In his opening brief on the cross-appeal, plaintiff had included an argument challenging the trial court’s in limine ruling excluding evidence of medical expenses in excess of those actually paid. However, following the California Supreme Court’s decision in Howell v. Hamilton Meats & Provisions (2011) 52 Cal.4th 541 [129 Cal.Rptr.3d 325, 257 P.3d 1130], plaintiff withdrew that issue.

Managers take calls whenever a derailment occurs, and may be awakened during sleep with a call regarding a derailment.

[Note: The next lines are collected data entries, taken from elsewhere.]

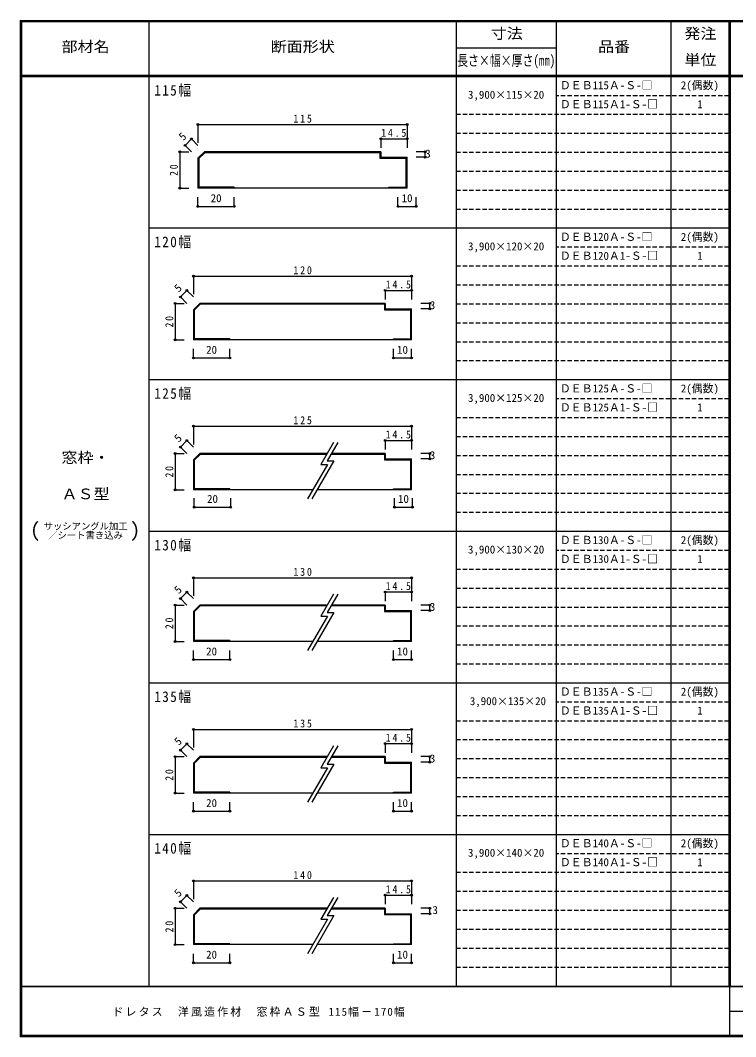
# Model space of a CAD drawing. Units: millimetres, scale not verified. Extents: x -400 to 380, y -287 to 278.
# Drawn here: x -400 to -7, y -280 to 278 of the extents above; entities that cross this region are included whole.
import ezdxf
from ezdxf.enums import TextEntityAlignment as Align

# ---------------------------------------------------------------- set-up
doc = ezdxf.new("R2010")
doc.units = ezdxf.units.MM
doc.header["$LTSCALE"] = 2
doc.header["$PDMODE"] = 32
doc.header["$PDSIZE"] = 1
doc.linetypes.add('DASHED1', pattern=[1.8, 1.2, -0.6])
for name, color, linetype in [('0-4', 3, 'Continuous'), ('0-A', 7, 'Continuous'), ('0-B', 7, 'Continuous'), ('F-1', 7, 'DASHED1'), ('F-A', 7, 'Continuous')]:
    doc.layers.add(name, color=color, linetype=linetype)
doc.styles.add('ＭＳ ゴシック', font='')
doc.styles.get('ＭＳ ゴシック').set_extended_font_data('MS Gothic')

msp = doc.modelspace()

# ---------------------------------------------------------------- linework, layer by layer
at = {"layer": '0-4'}
for p, q in [((-298.798, 206.058), (-302.333, 202.522)), ((-302.333, 202.522), (-302.333, 186.058)), ((-298.591, 205.558), (-301.833, 202.315)), ((-301.833, 202.315), (-301.833, 186.558)), ((-201.833, 206.058), (-298.798, 206.058)), ((-202.333, 205.558), (-298.591, 205.558)), ((-202.333, 205.558), (-202.333, 202.558)), ((-202.333, 202.558), (-187.833, 202.558)), ((-201.833, 206.058), (-201.833, 203.058)), ((-201.833, 203.058), (-187.333, 203.058)), ((-187.833, 186.558), (-187.833, 202.558)), ((-187.333, 186.058), (-187.333, 203.058)), ((-187.333, 186.058), (-302.333, 186.058)), ((-282.333, 186.558), (-301.833, 186.558)), ((-282.333, 186.558), (-282.333, 186.058)), ((-301.298, 122.724), (-304.833, 119.189)), ((-304.833, 119.189), (-304.833, 102.724)), ((-301.091, 122.224), (-304.333, 118.982)), ((-304.333, 118.982), (-304.333, 103.224)), ((-199.333, 122.724), (-301.298, 122.724)), ((-199.833, 122.224), (-301.091, 122.224)), ((-199.833, 122.224), (-199.833, 119.224)), ((-199.833, 119.224), (-185.333, 119.224)), ((-199.333, 122.724), (-199.333, 119.724)), ((-199.333, 119.724), (-184.833, 119.724)), ((-185.333, 103.224), (-185.333, 119.224)), ((-184.833, 102.724), (-184.833, 119.724)), ((-184.833, 102.724), (-304.833, 102.724)), ((-284.833, 103.224), (-304.333, 103.224)), ((-284.833, 103.224), (-284.833, 102.724)), ((-194.833, 103.224), (-185.333, 103.224)), ((-194.833, 102.724), (-194.833, 103.224)), ((-301.298, 40.252), (-304.833, 36.716)), ((-301.091, 39.752), (-304.333, 36.509)), ((-231.219, 40.252), (-301.298, 40.252)), ((-231.507, 39.752), (-301.091, 39.752)), ((-199.833, 39.752), (-229.198, 39.752)), ((-199.333, 40.252), (-228.909, 40.252)), ((-199.833, 39.752), (-199.833, 36.752)), ((-199.333, 40.252), (-199.333, 37.252)), ((-304.833, 36.716), (-304.833, 20.252)), ((-304.333, 36.509), (-304.333, 20.752)), ((-199.833, 36.752), (-185.333, 36.752)), ((-199.333, 37.252), (-184.833, 37.252)), ((-185.333, 20.752), (-185.333, 36.752)), ((-184.833, 20.252), (-184.833, 37.252)), ((-239.207, 20.252), (-304.833, 20.252)), ((-284.833, 20.752), (-304.333, 20.752)), ((-284.833, 20.752), (-284.833, 20.252)), ((-184.833, 20.252), (-236.897, 20.252)), ((-194.833, 20.752), (-185.333, 20.752)), ((-194.833, 20.252), (-194.833, 20.752)), ((-301.298, -43.082), (-304.833, -46.617)), ((-301.091, -43.582), (-304.333, -46.824)), ((-231.219, -43.082), (-301.298, -43.082)), ((-231.507, -43.582), (-301.091, -43.582)), ((-199.833, -43.582), (-229.198, -43.582)), ((-199.333, -43.082), (-228.909, -43.082)), ((-199.833, -43.582), (-199.833, -46.582)), ((-199.333, -43.082), (-199.333, -46.082)), ((-304.833, -46.617), (-304.833, -63.082)), ((-304.333, -46.824), (-304.333, -62.582)), ((-199.833, -46.582), (-185.333, -46.582)), ((-199.333, -46.082), (-184.833, -46.082)), ((-185.333, -62.582), (-185.333, -46.582)), ((-184.833, -63.082), (-184.833, -46.082)), ((-239.207, -63.082), (-304.833, -63.082)), ((-284.833, -62.582), (-304.333, -62.582)), ((-284.833, -62.582), (-284.833, -63.082)), ((-184.833, -63.082), (-236.897, -63.082)), ((-194.833, -62.582), (-185.333, -62.582)), ((-194.833, -63.082), (-194.833, -62.582)), ((-301.298, -126.415), (-304.833, -129.951)), ((-301.091, -126.915), (-304.333, -130.158)), ((-231.219, -126.415), (-301.298, -126.415)), ((-231.507, -126.915), (-301.091, -126.915)), ((-199.833, -126.915), (-229.198, -126.915)), ((-199.333, -126.415), (-228.909, -126.415)), ((-199.833, -126.915), (-199.833, -129.915)), ((-199.333, -126.415), (-199.333, -129.415)), ((-304.833, -129.951), (-304.833, -146.415)), ((-304.333, -130.158), (-304.333, -145.915)), ((-199.833, -129.915), (-185.333, -129.915)), ((-199.333, -129.415), (-184.833, -129.415)), ((-185.333, -145.915), (-185.333, -129.915)), ((-184.833, -146.415), (-184.833, -129.415)), ((-239.207, -146.415), (-304.833, -146.415)), ((-284.833, -145.915), (-304.333, -145.915)), ((-284.833, -145.915), (-284.833, -146.415)), ((-184.833, -146.415), (-236.897, -146.415)), ((-194.833, -145.915), (-185.333, -145.915)), ((-194.833, -146.415), (-194.833, -145.915)), ((-301.298, -209.748), (-304.833, -213.284)), ((-301.091, -210.248), (-304.333, -213.491)), ((-231.219, -209.748), (-301.298, -209.748)), ((-231.507, -210.248), (-301.091, -210.248)), ((-199.833, -210.248), (-229.198, -210.248)), ((-199.333, -209.748), (-228.909, -209.748)), ((-199.833, -210.248), (-199.833, -213.248)), ((-199.333, -209.748), (-199.333, -212.748)), ((-304.833, -213.284), (-304.833, -229.748)), ((-304.333, -213.491), (-304.333, -229.248)), ((-199.833, -213.248), (-185.333, -213.248)), ((-199.333, -212.748), (-184.833, -212.748)), ((-185.333, -229.248), (-185.333, -213.248)), ((-184.833, -229.748), (-184.833, -212.748)), ((-239.207, -229.748), (-304.833, -229.748)), ((-284.833, -229.248), (-304.333, -229.248)), ((-284.833, -229.248), (-284.833, -229.748)), ((-184.833, -229.748), (-236.897, -229.748)), ((-194.833, -229.248), (-185.333, -229.248)), ((-194.833, -229.748), (-194.833, -229.248))]:
    msp.add_line(p, q, dxfattribs=at)
msp.add_lwpolyline([(-197.333, 186.058), (-197.333, 186.558), (-187.833, 186.558)], dxfattribs=at)
at = {"layer": '0-A'}
for p, q in [((-227.755, 46.252), (-234.717, 34.193)), ((-225.445, 46.252), (-231.253, 36.193)), ((-231.158, 34.193), (-242.093, 15.252)), ((-227.694, 36.193), (-239.784, 15.252)), ((-234.717, 34.193), (-231.158, 34.193)), ((-231.253, 36.193), (-227.694, 36.193)), ((-227.755, -37.082), (-234.717, -49.141)), ((-225.445, -37.082), (-231.253, -47.141)), ((-231.158, -49.141), (-242.093, -68.082)), ((-227.694, -47.141), (-239.784, -68.082)), ((-234.717, -49.141), (-231.158, -49.141)), ((-231.253, -47.141), (-227.694, -47.141)), ((-227.755, -120.415), (-234.717, -132.474)), ((-225.445, -120.415), (-231.253, -130.474)), ((-231.158, -132.474), (-242.093, -151.415)), ((-227.694, -130.474), (-239.784, -151.415)), ((-234.717, -132.474), (-231.158, -132.474)), ((-231.253, -130.474), (-227.694, -130.474)), ((-227.755, -203.748), (-234.717, -215.807)), ((-225.445, -203.748), (-231.253, -213.807)), ((-231.158, -215.807), (-242.093, -234.748)), ((-227.694, -213.807), (-239.784, -234.748)), ((-234.717, -215.807), (-231.158, -215.807)), ((-231.253, -213.807), (-227.694, -213.807))]:
    msp.add_line(p, q, dxfattribs=at)
at = {"layer": '0-B', "color": 4}
for p, q in [((-302.333, 221.058), (-302.333, 211.058)), ((-302.333, 221.058), (-187.333, 221.058)), ((-187.333, 221.058), (-187.333, 208.245)), ((-305.869, 213.129), (-309.404, 209.593)), ((-305.869, 213.129), (-302.333, 209.593)), ((-201.833, 213.245), (-201.833, 208.245)), ((-201.833, 213.245), (-187.333, 213.245)), ((-309.404, 209.593), (-305.869, 206.058)), ((-312.333, 206.058), (-307.333, 206.058)), ((-312.333, 206.058), (-312.333, 186.058)), ((-177.333, 206.058), (-182.333, 206.058)), ((-177.333, 203.058), (-182.333, 203.058)), ((-177.333, 203.058), (-177.333, 206.058)), ((-312.333, 186.058), (-307.333, 186.058)), ((-302.333, 176.058), (-302.333, 181.058)), ((-282.333, 176.058), (-282.333, 181.058)), ((-192.333, 176.058), (-192.333, 181.058)), ((-182.333, 176.058), (-182.333, 181.058)), ((-302.333, 176.058), (-282.333, 176.058)), ((-192.333, 176.058), (-182.333, 176.058)), ((-304.833, 137.724), (-304.833, 127.724)), ((-304.833, 137.724), (-184.833, 137.724)), ((-184.833, 137.724), (-184.833, 124.912)), ((-308.369, 129.795), (-311.904, 126.26)), ((-308.369, 129.795), (-304.833, 126.26)), ((-199.333, 129.912), (-199.333, 124.912)), ((-199.333, 129.912), (-184.833, 129.912)), ((-311.904, 126.26), (-308.369, 122.724)), ((-314.833, 122.724), (-309.833, 122.724)), ((-314.833, 122.724), (-314.833, 102.724)), ((-174.833, 122.724), (-179.833, 122.724)), ((-174.833, 119.724), (-179.833, 119.724)), ((-174.833, 119.724), (-174.833, 122.724)), ((-314.833, 102.724), (-309.833, 102.724)), ((-304.833, 92.724), (-304.833, 97.724)), ((-284.833, 92.724), (-284.833, 97.724)), ((-194.833, 92.724), (-194.833, 97.724)), ((-184.833, 92.724), (-184.833, 97.724)), ((-304.833, 92.724), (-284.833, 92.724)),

However, if the employer itself was even slightly at fault for the injury, its recoupment of benefits is entirely precluded. (Richards v. Owens-Illinois, Inc. (1997) 14 Cal.4th 985, 994 [60 Cal.Rptr.2d 103, 928 P.2d 1181], citing Roe v. Workmen's Comp. Appeals Bd. (1974) 12 Cal.3d 884, 889 [117 Cal.Rptr. 683, 528 P.2d 771].) A concurrently negligent employer is barred from reimbursement for any compensation benefits. (Engle v. Endlich (1992) 9 Cal.App.4th 1152, 1160 [12 Cal.Rptr.2d 145].) The issue of the employer’s contributory negligence is a matter of defense, although it is not necessary for the defendant to cross-complain in order to assert this defense. (C.J.L. Construction, Inc. v. Universal Plumbing (1993) 18 Cal.App.4th 376, 385, 387-388 [22 Cal.Rptr.2d 360]; Tate v. Superior Court (1963) 213 Cal.App.2d 238, 247-248 [28 Cal.Rptr. 548].) Nevertheless, some determination of comparative fault on the part of the employer is required. (Engle, at p. 1162.) Because there was no jury determination that the employer was partially at fault, we do not need to address this point.